Try it: Instruction for the data below: set down exactly the lines from the line with "line L0 (0, 40) -> (0, 25) construction" to the line with "circle A0 centre (0, 25) radius 2.1", inclusive, and no others.

Data records:
━━━━━━━━
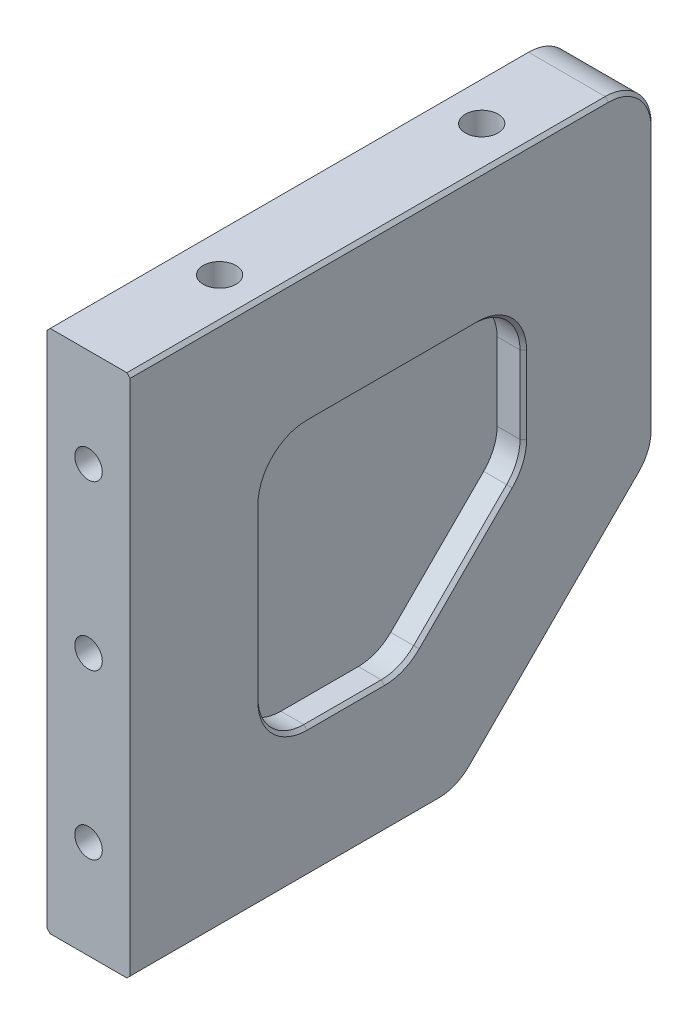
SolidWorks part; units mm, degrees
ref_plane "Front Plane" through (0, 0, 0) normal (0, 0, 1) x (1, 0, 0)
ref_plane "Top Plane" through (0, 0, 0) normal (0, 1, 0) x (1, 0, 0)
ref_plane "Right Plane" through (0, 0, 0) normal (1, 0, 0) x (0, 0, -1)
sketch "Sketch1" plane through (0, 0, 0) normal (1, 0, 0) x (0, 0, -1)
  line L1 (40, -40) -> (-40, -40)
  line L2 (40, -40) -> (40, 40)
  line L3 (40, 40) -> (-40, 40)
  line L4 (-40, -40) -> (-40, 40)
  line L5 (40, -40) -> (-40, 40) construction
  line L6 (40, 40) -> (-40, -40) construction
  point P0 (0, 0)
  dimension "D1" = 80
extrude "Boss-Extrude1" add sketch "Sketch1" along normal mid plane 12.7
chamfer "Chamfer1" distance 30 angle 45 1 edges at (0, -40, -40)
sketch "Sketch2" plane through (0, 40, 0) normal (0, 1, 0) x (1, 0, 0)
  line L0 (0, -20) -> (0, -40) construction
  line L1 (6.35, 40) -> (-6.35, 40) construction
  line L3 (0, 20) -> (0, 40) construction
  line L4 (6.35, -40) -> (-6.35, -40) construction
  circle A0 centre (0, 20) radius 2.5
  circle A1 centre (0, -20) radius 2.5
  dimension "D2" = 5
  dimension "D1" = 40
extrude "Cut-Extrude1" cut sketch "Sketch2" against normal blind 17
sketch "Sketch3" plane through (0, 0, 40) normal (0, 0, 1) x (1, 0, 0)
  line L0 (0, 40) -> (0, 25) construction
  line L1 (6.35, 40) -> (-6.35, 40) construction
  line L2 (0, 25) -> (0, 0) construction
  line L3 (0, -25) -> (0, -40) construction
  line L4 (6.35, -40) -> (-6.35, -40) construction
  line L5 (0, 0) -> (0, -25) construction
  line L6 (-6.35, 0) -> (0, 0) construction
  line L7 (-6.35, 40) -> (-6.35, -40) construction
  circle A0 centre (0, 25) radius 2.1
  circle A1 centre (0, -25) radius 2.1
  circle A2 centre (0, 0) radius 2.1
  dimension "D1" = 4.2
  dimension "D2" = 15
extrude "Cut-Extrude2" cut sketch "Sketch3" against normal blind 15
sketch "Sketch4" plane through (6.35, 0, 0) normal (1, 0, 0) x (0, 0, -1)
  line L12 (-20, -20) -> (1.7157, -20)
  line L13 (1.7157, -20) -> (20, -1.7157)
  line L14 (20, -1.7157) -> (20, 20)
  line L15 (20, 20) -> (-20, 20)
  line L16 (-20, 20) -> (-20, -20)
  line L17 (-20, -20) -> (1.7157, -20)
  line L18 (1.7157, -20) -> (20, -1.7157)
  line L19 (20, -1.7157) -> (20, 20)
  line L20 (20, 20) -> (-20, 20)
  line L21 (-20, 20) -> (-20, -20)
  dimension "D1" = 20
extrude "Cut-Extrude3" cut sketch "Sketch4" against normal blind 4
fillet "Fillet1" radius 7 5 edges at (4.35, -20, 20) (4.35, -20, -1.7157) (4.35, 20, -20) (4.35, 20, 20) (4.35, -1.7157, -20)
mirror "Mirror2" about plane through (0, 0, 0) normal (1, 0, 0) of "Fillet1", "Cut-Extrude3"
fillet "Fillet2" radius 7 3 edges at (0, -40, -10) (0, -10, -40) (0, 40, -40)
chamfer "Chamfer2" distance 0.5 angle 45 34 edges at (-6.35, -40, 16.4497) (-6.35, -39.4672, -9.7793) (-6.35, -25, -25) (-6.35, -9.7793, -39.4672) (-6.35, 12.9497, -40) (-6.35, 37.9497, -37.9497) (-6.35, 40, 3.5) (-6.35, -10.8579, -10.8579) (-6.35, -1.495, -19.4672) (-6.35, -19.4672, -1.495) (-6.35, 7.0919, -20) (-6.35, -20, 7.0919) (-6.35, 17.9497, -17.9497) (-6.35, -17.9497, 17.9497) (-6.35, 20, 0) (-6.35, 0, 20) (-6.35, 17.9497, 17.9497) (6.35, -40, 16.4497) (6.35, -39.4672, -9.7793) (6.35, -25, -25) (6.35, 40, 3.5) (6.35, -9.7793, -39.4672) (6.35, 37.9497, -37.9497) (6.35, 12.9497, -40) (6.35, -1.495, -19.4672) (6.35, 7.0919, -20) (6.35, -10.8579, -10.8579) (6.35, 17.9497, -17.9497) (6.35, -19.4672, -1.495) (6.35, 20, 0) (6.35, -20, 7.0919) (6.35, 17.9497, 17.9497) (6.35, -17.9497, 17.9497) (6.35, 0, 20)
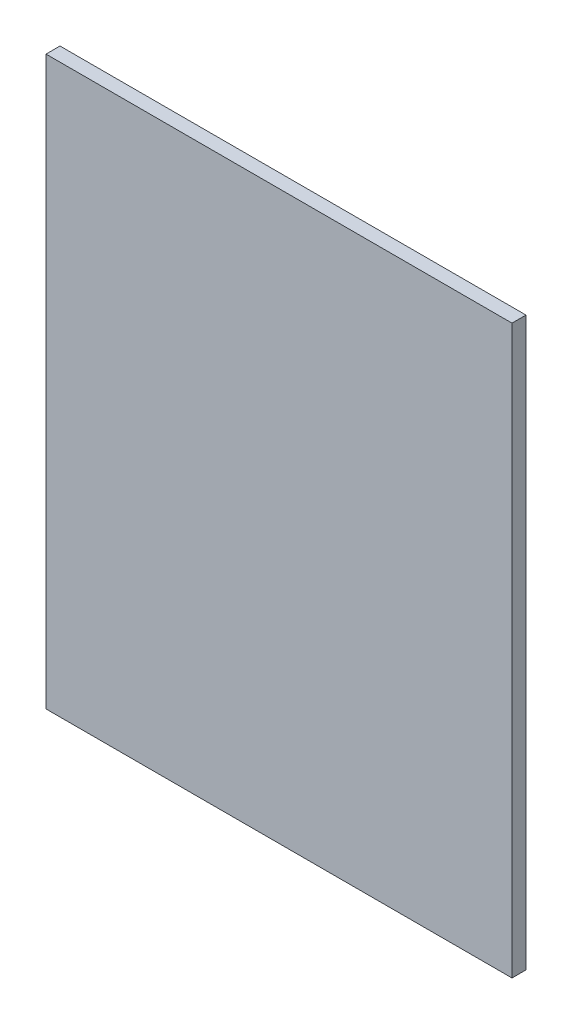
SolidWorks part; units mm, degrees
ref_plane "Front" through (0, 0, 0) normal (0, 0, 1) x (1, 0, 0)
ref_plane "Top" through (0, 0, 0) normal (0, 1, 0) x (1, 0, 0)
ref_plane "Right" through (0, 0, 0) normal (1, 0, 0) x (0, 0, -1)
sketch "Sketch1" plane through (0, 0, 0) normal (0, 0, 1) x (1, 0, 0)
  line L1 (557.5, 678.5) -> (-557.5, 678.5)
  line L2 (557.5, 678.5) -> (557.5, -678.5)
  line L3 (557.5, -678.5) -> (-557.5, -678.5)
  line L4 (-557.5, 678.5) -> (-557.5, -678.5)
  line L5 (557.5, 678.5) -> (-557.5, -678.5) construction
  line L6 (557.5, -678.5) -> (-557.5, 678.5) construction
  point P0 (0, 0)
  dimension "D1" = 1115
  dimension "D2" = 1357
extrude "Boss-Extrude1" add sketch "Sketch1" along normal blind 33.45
━━━━━━━━
Solution to the exercise:
  line L0 (0, 40) -> (0, 25) construction
  line L1 (6.35, 40) -> (-6.35, 40) construction
  line L2 (0, 25) -> (0, 0) construction
  line L3 (0, -25) -> (0, -40) construction
  line L4 (6.35, -40) -> (-6.35, -40) construction
  line L5 (0, 0) -> (0, -25) construction
  line L6 (-6.35, 0) -> (0, 0) construction
  line L7 (-6.35, 40) -> (-6.35, -40) construction
  circle A0 centre (0, 25) radius 2.1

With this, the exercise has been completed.